Every business engaging in the import, production, or accumulation of excisable goods in the UAE, as well as any individual responsible for managing an excise warehouse, for example, the warehouse owner, must register for excise tax.
The state uses the excise tax to reduce the consumption of unhealthy and harmful goods. In addition, it is the state's responsibility to increase government revenues that can be spent on useful public services. As the tax is indirect, it is included in the price of the goods. Therefore, the burden of the tax falls on the taxpayer, who will pay more for goods that are harmful to human health or the environment.
Customs duties
Dubai levies import duties on commercial goods based on various factors, including whether the business is registered on the mainland or in the free zone. This includes what the products and services are, where they are sourced and where they are going, and whether the UAE has tax agreements with the exporting country.

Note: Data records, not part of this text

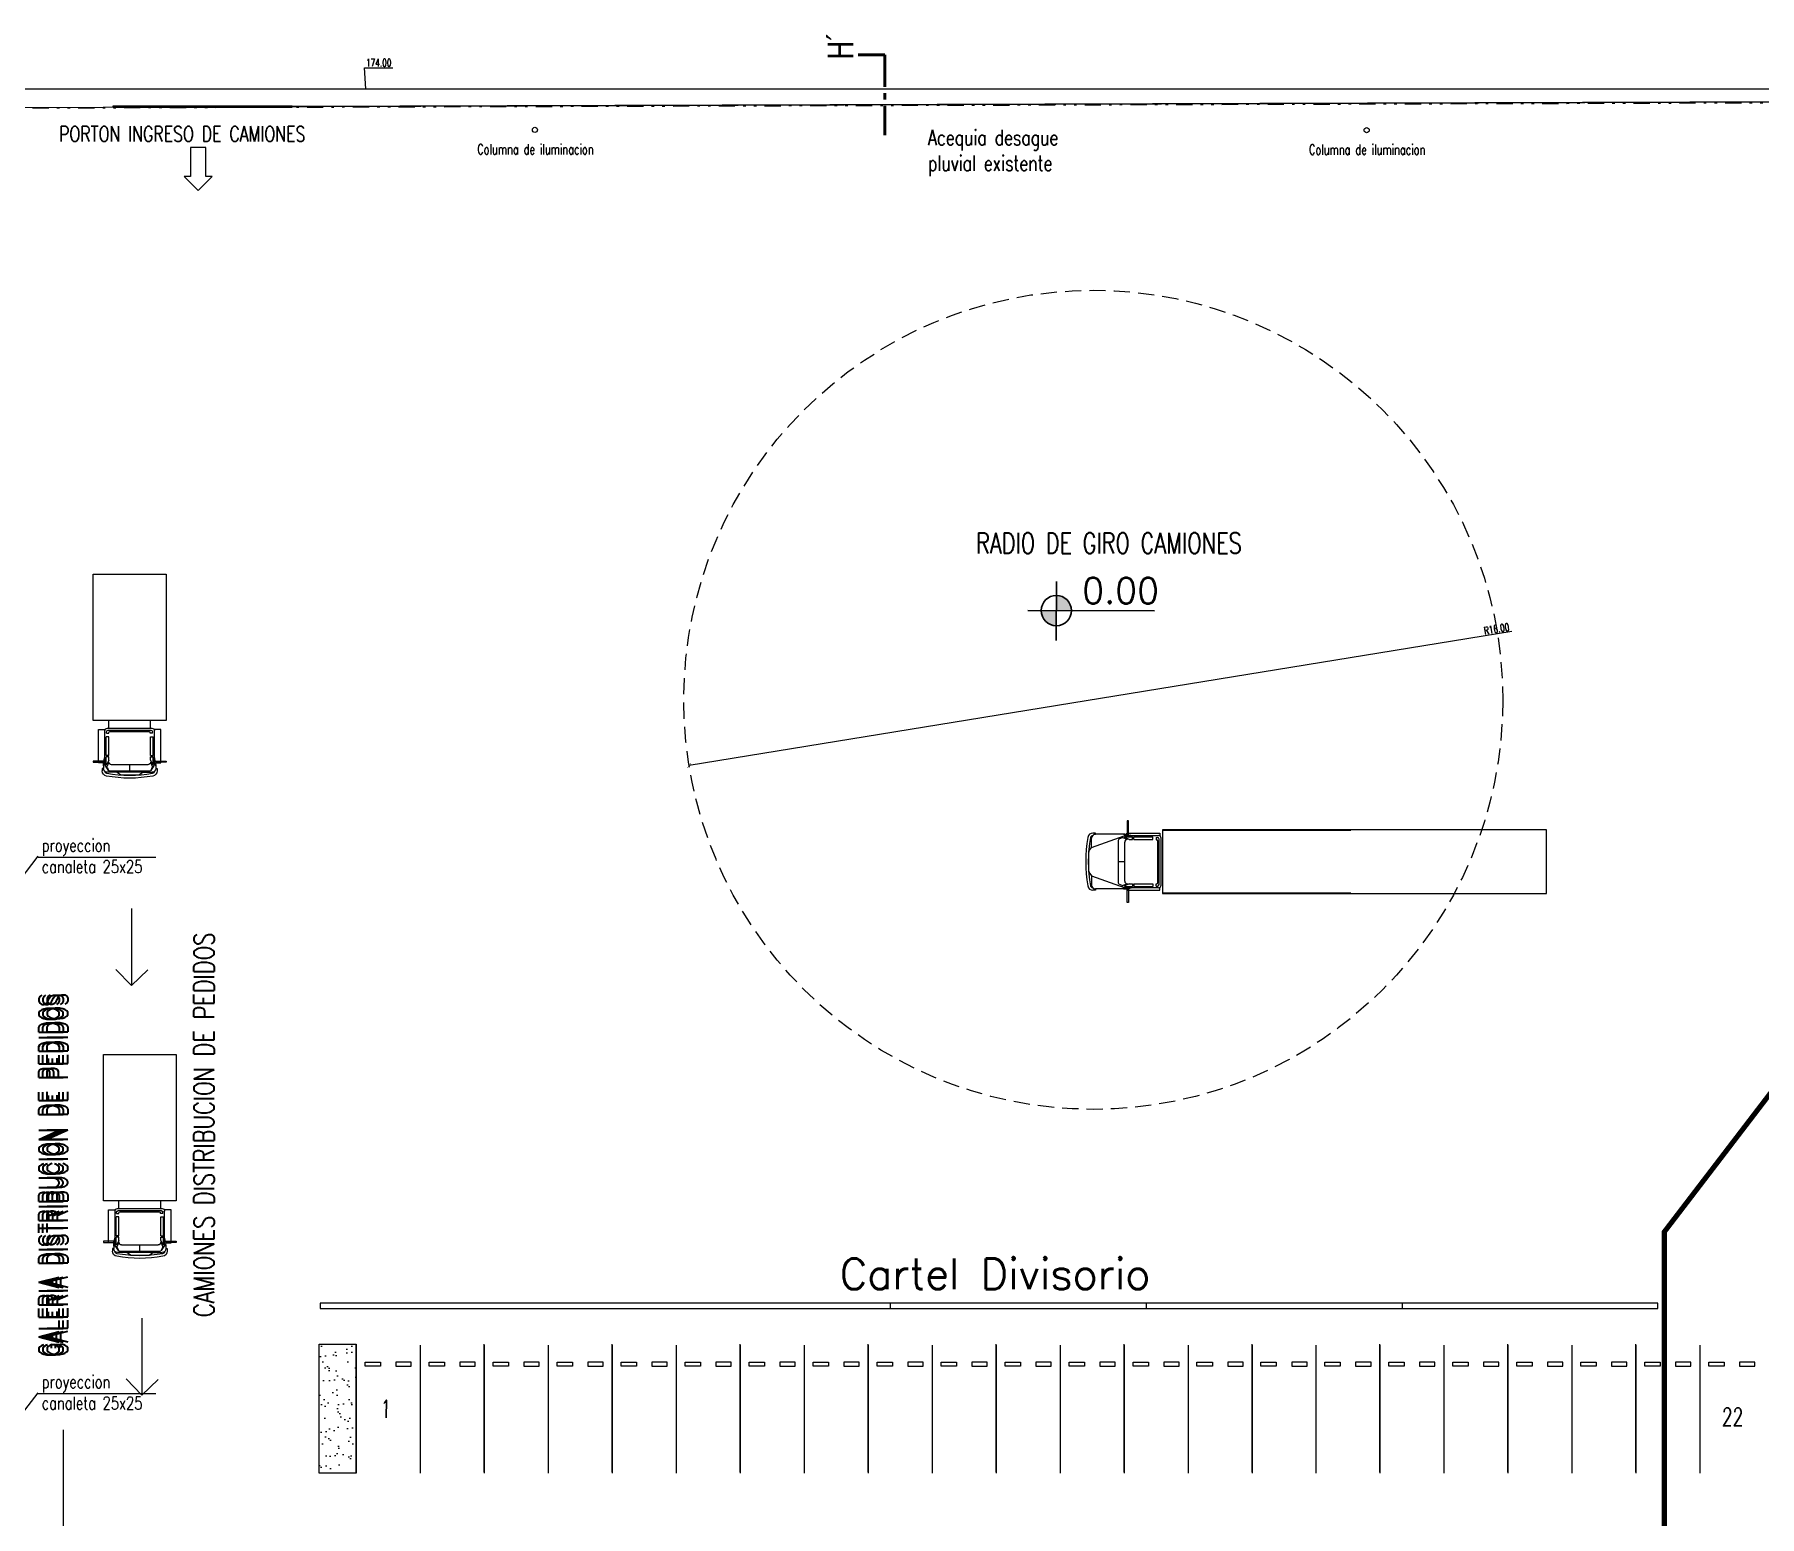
# Model space of a CAD drawing. Header units: millimetres. Extents: x 2828 to 3406, y 849 to 1266.
# Drawn here: x 2966.3 to 3033.7, y 1199.6 to 1257.5 of the extents above; entities that cross this region are included whole.
import ezdxf

# ---------------------------------------------------------------- set-up
doc = ezdxf.new("R2010")
doc.units = ezdxf.units.MM
doc.header["$PDMODE"] = 34
doc.header["$PDSIZE"] = -10
for name, pattern in [('CENTER', [2, 1.25, -0.25, 0.25, -0.25]), ('DASHDOT', [1, 0.5, -0.25, 0, -0.25]), ('DASHED', [19.05, 12.7, -6.35]), ('DASHED2', [0.375, 0.25, -0.125]), ('DIVIDE2', [15.875, 6.35, -3.175, 0, -3.175, 0, -3.175])]:
    doc.linetypes.add(name, pattern=pattern)
doc.layers.get('DEFPOINTS').update_dxf_attribs({"lineweight": 5})
for name, color, linetype, lineweight in [('0.05', 64, 'Continuous', 5), ('0.10', 161, 'Continuous', 9), ('0.2', 4, 'Continuous', 15), ('0.20', 4, 'Continuous', 15), ('0.30', 1, 'Continuous', 25), ('arq cotas', 152, 'Continuous', 13), ('arq tex', 31, 'Continuous', 5), ('des pl texto', 41, 'Continuous', 5), ('equip tx', 220, 'Continuous', 5), ('gral texto', 70, 'Continuous', 5), ('L corte', 51, 'CENTER', 40), ('LM', 3, 'DIVIDE2', 9), ('proyecciones', 221, 'DASHED', 5)]:
    doc.layers.add(name, color=color, linetype=linetype, lineweight=lineweight)
for name, color, linetype, lineweight, true_color in [('hatch', 7, 'Continuous', 13, 0x949494), ('vegetacion', 7, 'Continuous', 9, 0xbababa), ('vehiculos', 7, 'Continuous', 9, 0x4a4a4a)]:
    doc.layers.add(name, color=color, linetype=linetype, lineweight=lineweight, true_color=true_color)
doc.layers.add('Límite Terreno', color=1, linetype='Continuous')
doc.layers.add('Niveles Finales', color=7, linetype='Continuous')
doc.styles.add('1.500', font='technic_.ttf', dxfattribs={"height": 1.5})
doc.styles.add('100', font='romans.shx', dxfattribs={"width": 0.75, "height": 0.2})
doc.styles.add('250-cts', font='romans.shx', dxfattribs={"width": 0.7, "height": 0.25})
doc.styles.get("Standard").update_dxf_attribs({"font": 'romans.shx'})
doc.dimstyles.new('250', dxfattribs={"dimtxt": 0.3, "dimasz": 0.15, "dimexe": 0, "dimexo": 0.1, "dimgap": 0.05, "dimtad": 1, "dimzin": 0, "dimdsep": 46, "dimtxsty": '250-cts', "dimblk": 'ARCHTICK', "dimcen": 0.02, "dimclrd": 256, "dimclre": 256, "dimclrt": 256, "dimazin": 0, "dimtfac": 1, "dimtofl": 0, "dimtmove": 1, "dimatfit": 0, "dimldrblk": 'OPEN90', "dimfxl": 1, "dimtolj": 1, "dimtzin": 0, "dimlwd": -1, "dimarcsym": 0})

# ---------------------------------------------------------------- blocks, each defined once
blk = doc.blocks.new('_ARCHTICK')
at = {"color": 0, "linetype": 'ByBlock', "const_width": 0.15}
blk.add_lwpolyline([(-0.5, -0.5), (0.5, 0.5)], dxfattribs=at)
blk = doc.blocks.new('*D164')
at = {"layer": 'arq cotas', "transparency": 16777216}
for p, q in [((2979.216, 1255.347), (2979.166, 1256.164)), ((2979.166, 1256.164), (2980.276, 1256.164)), ((2892.216, 1255.347), (3066.216, 1255.347))]:
    blk.add_line(p, q, dxfattribs=at)
at = {"layer": 'arq cotas', "linetype": 'DASHDOT', "lineweight": -2, "transparency": 16777216}
for p, q in [((2892.216, 1255.039), (2892.216, 1255.347)), ((3066.216, 1255.039), (3066.216, 1255.347))]:
    blk.add_line(p, q, dxfattribs=at)
at = {"layer": 'DEFPOINTS', "color": 0, "transparency": 16777216}
for p in [(3066.216, 1255.347), (2892.216, 1254.939), (3066.216, 1254.939)]:
    blk.add_point(p, dxfattribs=at)
at = {"layer": 'arq cotas', "transparency": 16777216, "xscale": 0.15, "yscale": 0.15, "zscale": 0.15, "rotation": 180}
blk.add_blockref('_ARCHTICK', (2892.216, 1255.347), dxfattribs=at)
at = {"layer": 'arq cotas', "transparency": 16777216, "xscale": 0.15, "yscale": 0.15, "zscale": 0.15}
blk.add_blockref('_ARCHTICK', (3066.216, 1255.347), dxfattribs=at)
at = {"layer": 'arq cotas', "transparency": 16777216, "insert": (2979.721, 1256.364), "char_height": 0.3, "attachment_point": 5, "style": '250-cts'}
blk.add_mtext('\\A1;174.00', dxfattribs=at)
blk = doc.blocks.new('_Open90')
at = {"color": 0, "linetype": 'ByBlock', "lineweight": -2}
for p, q in [((0, 0), (-1, 0)), ((-0.5, 0.5), (0, 0)), ((0, 0), (-0.5, -0.5))]:
    blk.add_line(p, q, dxfattribs=at)
blk = doc.blocks.new('semi mariano max')
at = {"layer": 'vehiculos', "color": 0}
for p, q in [((28.315, 13.336), (20.949, 13.336)), ((28.315, 10.897), (28.315, 13.336)), ((28.366, 13.03), (28.366, 11.201)), ((28.416, 13.234), (28.416, 13.132)), ((29.712, 13.234), (28.416, 13.234)), ((28.445, 13.004), (28.445, 11.239)), ((29.765, 13.131), (28.468, 13.131)), ((28.49, 12.936), (28.49, 11.308)), ((28.559, 13.073), (28.513, 13.073)), ((28.559, 12.982), (28.536, 12.982)), ((28.559, 13.073), (28.559, 12.982)), ((29.433, 13.08), (28.696, 13.08)), ((28.696, 12.979), (28.696, 13.08)), ((29.433, 12.979), (28.696, 12.979)), ((29.433, 12.979), (29.433, 13.08)), ((29.696, 13.178), (29.484, 13.131)), ((29.484, 12.979), (29.484, 13.08)), ((29.779, 13.08), (29.484, 13.08)), ((29.611, 12.979), (29.484, 12.979)), ((29.611, 12.979), (29.784, 13.056)), ((29.687, 12.979), (29.845, 13.047)), ((29.712, 13.183), (29.712, 13.234)), ((29.839, 13.182), (29.729, 13.182)), ((29.788, 13.182), (30.931, 13.182)), ((29.788, 12.877), (29.788, 11.353)), ((31.084, 12.674), (29.809, 13.121)), ((29.885, 13.047), (30.012, 12.992)), ((30.042, 11.285), (30.042, 12.945)), ((30.931, 13.233), (31.03, 13.233)), ((30.931, 13.182), (30.931, 13.233)), ((31.084, 12.674), (31.084, 13.03)), ((31.185, 12.522), (31.084, 12.674)), ((31.185, 12.522), (31.185, 11.709)), ((30.042, 12.115), (29.788, 12.115)), ((31.084, 11.556), (29.809, 11.109)), ((31.185, 11.709), (31.084, 11.556)), ((31.084, 11.556), (31.084, 11.201)), ((20.949, 10.897), (28.315, 10.897)), ((28.416, 10.999), (28.416, 11.1)), ((29.712, 10.999), (28.416, 10.999)), ((29.765, 11.099), (28.468, 11.099)), ((28.559, 11.171), (28.513, 11.171)), ((28.559, 11.262), (28.536, 11.262)), ((28.559, 11.171), (28.559, 11.262)), ((29.433, 11.252), (28.696, 11.252)), ((28.696, 11.252), (28.696, 11.15)), ((29.433, 11.15), (28.696, 11.15)), ((29.433, 11.252), (29.433, 11.15)), ((29.484, 11.252), (29.484, 11.15)), ((29.611, 11.252), (29.484, 11.252)), ((29.779, 11.15), (29.484, 11.15)), ((29.696, 11.052), (29.484, 11.099)), ((29.611, 11.252), (29.784, 11.174)), ((29.687, 11.252), (29.845, 11.184)), ((29.712, 11.05), (29.712, 10.999)), ((29.839, 11.048), (29.729, 11.048)), ((29.788, 11.048), (30.931, 11.048)), ((29.885, 11.184), (30.012, 11.238)), ((30.931, 11.048), (30.931, 10.998)), ((30.931, 10.998), (31.03, 10.998))]:
    blk.add_line(p, q, dxfattribs=at)
for points in [[(29.646, 13.716), (29.696, 13.716), (29.696, 13.178), (29.646, 13.178)], [(13.312, 10.877), (28.312, 10.866), (28.312, 13.366), (13.312, 13.366)], [(29.646, 10.516), (29.696, 10.516), (29.696, 11.055), (29.646, 11.055)]]:
    blk.add_lwpolyline(points, close=True, dxfattribs=at)
for centre, radius, start, end in [((28.468, 13.03), 0.102, 90, 180), ((28.513, 13.004), 0.0686, 90, 180), ((28.536, 12.936), 0.0457, 90, 180), ((29.687, 12.877), 0.102, 0, 90), ((29.729, 13.03), 0.152, 90, 102.52881), ((29.765, 13.03), 0.102, 64.65382, 90), ((29.779, 13.068), 0.0127, 293.96249, 90), ((29.865, 13), 0.0508, 66.80141, 113.19859), ((29.992, 12.945), 0.0508, 0, 66.80141), ((30.931, 13.03), 0.152, 0, 90), ((31.03, 13.03), 0.203, 9.89468, 90), ((31.03, 13.03), 0.102, 9.89468, 80.89521), ((25.788, 12.115), 5.423, 350.00897, 9.99103), ((25.788, 12.115), 5.524, 350.10532, 9.89468), ((28.468, 11.201), 0.102, 180, 270), ((28.513, 11.239), 0.0686, 180, 270), ((28.536, 11.308), 0.0457, 180, 270), ((29.687, 11.353), 0.102, 270, 0), ((29.729, 11.201), 0.152, 257.47119, 270), ((29.765, 11.201), 0.102, 270, 295.34618), ((29.779, 11.163), 0.0127, 270, 66.03751), ((29.865, 11.231), 0.0508, 246.80141, 293.19859), ((29.992, 11.285), 0.0508, 293.19859, 0), ((30.931, 11.201), 0.152, 270, 0), ((31.03, 11.201), 0.203, 270, 350.10532), ((31.03, 11.201), 0.102, 279.10479, 350.10532)]:
    blk.add_arc(centre, radius, start, end, dxfattribs=at)
blk = doc.blocks.new('camion ford cargo 1722 top con puertas abiertas')
at = {"color": 8, "linetype": 'ByBlock', "true_color": 0x6e6e6e}
for p, q in [((27.279, -49.479), (21.559, -49.479)), ((21.559, -49.479), (21.559, -52.319)), ((27.279, -52.319), (27.279, -49.479)), ((27.629, -49.679), (27.629, -49.928)), ((28.925, -49.679), (27.629, -49.679)), ((28.925, -49.878), (28.925, -49.679)), ((29.052, -49.879), (28.942, -49.879)), ((29.001, -49.879), (29.148, -49.879)), ((29.148, -49.828), (29.247, -49.828)), ((29.148, -49.879), (29.148, -49.828)), ((27.579, -50.031), (27.579, -51.766)), ((27.658, -50.057), (27.658, -51.728)), ((28.978, -49.93), (27.68, -49.93)), ((27.703, -50.125), (27.703, -51.66)), ((27.772, -49.988), (27.726, -49.988)), ((27.772, -50.079), (27.749, -50.079)), ((27.772, -49.988), (27.772, -50.079)), ((28.646, -49.98), (27.909, -49.98)), ((27.909, -50.082), (27.909, -49.98)), ((28.646, -50.082), (27.909, -50.082)), ((28.646, -50.082), (28.646, -49.98)), ((28.909, -49.883), (28.696, -49.93)), ((28.696, -50.082), (28.696, -49.98)), ((28.992, -49.98), (28.696, -49.98)), ((28.823, -50.082), (28.696, -50.082)), ((28.823, -50.082), (28.997, -50.005)), ((28.9, -50.082), (29.057, -50.014)), ((29.001, -50.184), (29.001, -51.614)), ((29.097, -50.014), (29.224, -50.069)), ((29.255, -51.682), (29.255, -50.116)), ((29.3, -51.411), (29.3, -50.031)), ((29.402, -50.539), (29.3, -50.387)), ((29.402, -50.539), (29.402, -51.258)), ((29.255, -50.9), (29.001, -50.9)), ((27.629, -52.119), (27.629, -51.867)), ((28.978, -51.868), (27.68, -51.868)), ((27.772, -51.797), (27.726, -51.797)), ((27.772, -51.705), (27.749, -51.705)), ((27.772, -51.797), (27.772, -51.705)), ((28.646, -51.716), (27.909, -51.716)), ((27.909, -51.716), (27.909, -51.817)), ((28.646, -51.817), (27.909, -51.817)), ((28.646, -51.716), (28.646, -51.817)), ((28.696, -51.716), (28.696, -51.817)), ((28.823, -51.716), (28.696, -51.716)), ((28.992, -51.817), (28.696, -51.817)), ((28.909, -51.915), (28.696, -51.868)), ((28.823, -51.716), (28.997, -51.793)), ((28.9, -51.716), (29.057, -51.783)), ((29.097, -51.783), (29.224, -51.729)), ((29.402, -51.258), (29.3, -51.411)), ((29.3, -51.411), (29.3, -51.766)), ((21.559, -52.319), (27.279, -52.319)), ((28.925, -52.119), (27.629, -52.119)), ((28.925, -51.918), (28.925, -52.119)), ((29.052, -51.919), (28.942, -51.919)), ((29.001, -51.919), (29.148, -51.919)), ((29.148, -51.919), (29.148, -51.97)), ((29.148, -51.97), (29.247, -51.97))]:
    blk.add_line(p, q, dxfattribs=at)
at = {"color": 8, "true_color": 0x6e6e6e}
for p, q in [((27.579, -50.079), (27.279, -50.079)), ((29.224, -50.069), (29.022, -49.939)), ((27.579, -51.718), (27.279, -51.718)), ((29.022, -51.858), (29.224, -51.729))]:
    blk.add_line(p, q, dxfattribs=at)
for points in [[(28.859, -49.479), (28.909, -49.479), (28.909, -49.883), (28.859, -49.883)], [(28.859, -52.319), (28.909, -52.319), (28.909, -51.913), (28.859, -51.913)]]:
    blk.add_lwpolyline(points, close=True, dxfattribs=at)
at = {"color": 8, "linetype": 'ByBlock', "true_color": 0x6e6e6e}
for centre, radius, start, end in [((28.942, -50.031), 0.152, 90, 102.52881), ((29.148, -50.031), 0.152, 0, 90), ((29.247, -50.031), 0.203, 9.89468, 90), ((27.68, -50.031), 0.102, 90, 180), ((27.726, -50.057), 0.0686, 90, 180), ((27.749, -50.125), 0.0457, 90, 180), ((28.9, -50.184), 0.102, 0, 90), ((28.978, -50.031), 0.102, 64.65382, 90), ((28.992, -49.993), 0.0127, 293.96249, 90), ((29.077, -50.061), 0.0508, 66.80141, 113.19859), ((29.204, -50.116), 0.0508, 0, 66.80141), ((29.247, -50.031), 0.102, 9.89468, 80.89521), ((24.526, -50.899), 4.901, 349.48883, 10.51117), ((24.532, -50.899), 4.997, 349.59497, 10.40503), ((27.68, -51.766), 0.102, 180, 270), ((27.726, -51.728), 0.0686, 180, 270), ((27.749, -51.66), 0.0457, 180, 270), ((28.9, -51.614), 0.102, 270, 0), ((28.978, -51.766), 0.102, 270, 295.34618), ((28.992, -51.805), 0.0127, 270, 66.03751), ((29.077, -51.737), 0.0508, 246.80141, 293.19859), ((29.148, -51.766), 0.152, 270, 0), ((29.204, -51.682), 0.0508, 293.19859, 0), ((29.247, -51.766), 0.203, 270, 350.10532), ((29.247, -51.766), 0.102, 279.10479, 350.10532), ((28.942, -51.766), 0.152, 257.47119, 270)]:
    blk.add_arc(centre, radius, start, end, dxfattribs=at)
blk = doc.blocks.new('*D296')
at = {"layer": 'arq cotas', "transparency": 16777216}
blk.add_line((3023.998, 1234.14), (2991.852, 1228.904), dxfattribs=at)
at = {"layer": 'DEFPOINTS', "color": 0, "transparency": 16777216}
for p in [(3007.644, 1231.476), (2991.852, 1228.904)]:
    blk.add_point(p, dxfattribs=at)
at = {"layer": 'arq cotas', "transparency": 16777216, "xscale": 0.15, "yscale": 0.15, "zscale": 0.15, "rotation": 189.2515347602408}
blk.add_blockref('_ARCHTICK', (2991.852, 1228.904), dxfattribs=at)
at = {"layer": 'arq cotas', "transparency": 16777216, "insert": (3023.403, 1234.246), "char_height": 0.3, "attachment_point": 5, "rotation": 9.25153, "style": '250-cts'}
blk.add_mtext('\\A1;R16.00', dxfattribs=at)
blk = doc.blocks.new('refre')
at = {"layer": 'Límite Terreno'}
h = blk.add_hatch(color=256, dxfattribs=at)
h.paths.add_polyline_path([(1120.534, 663.094), (1120.536, 662.502), (1121.129, 662.505, 0.10356), (1121.078, 662.742, 0.297796)])
h.paths.add_polyline_path([(1120.536, 662.502), (1119.944, 662.499, 0.10356), (1119.995, 662.262, 0.297796), (1120.539, 661.91)])
for p, q in [((1120.536, 661.332), (1120.536, 663.639)), ((1119.423, 662.502), (1124.366, 662.502))]:
    blk.add_line(p, q, dxfattribs=at)
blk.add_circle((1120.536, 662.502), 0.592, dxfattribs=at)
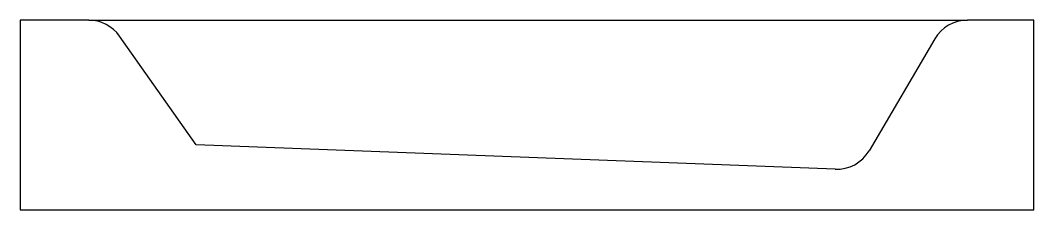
# Model space of a CAD drawing. Extents: x 0 to 80.5, y 0 to 15.1.
import ezdxf

# ---------------------------------------------------------------- set-up
doc = ezdxf.new("R2010")
doc.units = 0
doc.header["$LTSCALE"] = 50
doc.header["$MEASUREMENT"] = 0
doc.layers.get('0').update_dxf_attribs({"linetype": 'CONTINUOUS'})

msp = doc.modelspace()

# ---------------------------------------------------------------- linework, layer by layer
at = {"color": 0, "linetype": 'ByBlock'}
for p, q in [((0, 15.091), (0, 0)), ((5.431, 15.091), (0, 15.091)), ((5.431, 15.091), (75.193, 15.091)), ((80.459, 15.091), (75.193, 15.091)), ((80.459, 0), (80.459, 15.091)), ((13.973, 5.18), (7.883, 13.819)), ((72.603, 13.606), (67.394, 4.705)), ((64.689, 3.223), (13.973, 5.18)), ((0, 0), (80.459, 0))]:
    msp.add_line(p, q, dxfattribs=at)
for centre, start, end in [((5.431, 12.091), 35.18323, 90), ((75.193, 12.091), 90, 149.66084), ((64.805, 6.22), 267.78933, 329.66084)]:
    msp.add_arc(centre, 3, start, end, dxfattribs=at)

doc.saveas('drawing.dxf')

The UAE has adopted a single tariff from the Cooperation Council for the Arab States of the Gulf (GCC), and customs duties are set at 5% of the CIF value of most goods. However, alcoholic, carbonated and sweetened beverages are subject to a duty of 50%, and e-smoking devices (tools and liquids used in them) and tobacco products are subject to a customs duty of 100%. Agricultural products and pharmaceuticals are exempt from customs duties.
A free zone does not levy customs duties on goods imported into its territory. A company registered in a free zone can import goods without paying customs duties.
Customs duties are also exempt from taxes in countries participating in the Greater Arab Free Trade Agreement of 1998.
Conclusions
Taking all of the above into consideration, it should be noted that the United Arab Emirates has created the most business-friendly conditions.
Direct tax obligations are rarely incurred by companies. VAT and excise duty are indirect taxes that ultimately fall on the shoulders of consumers. Customs duties are generally low, or in some cases absent altogether.
Companies operating in free zones are virtually tax-free if they conduct no internal business. Entrepreneurs planning their activities in free zones only need to consider the costs of opening and maintaining their company (for more information, see the article How much does it cost to open a company in the UAE?). A company's turnover, however, determines how significant such expenses are. Also, it is important to point out that fees associated with state and municipal services fall equally on individuals and corporations (see Taxation of individuals in the UAE). However, from the company's perspective, they don't appear so significant.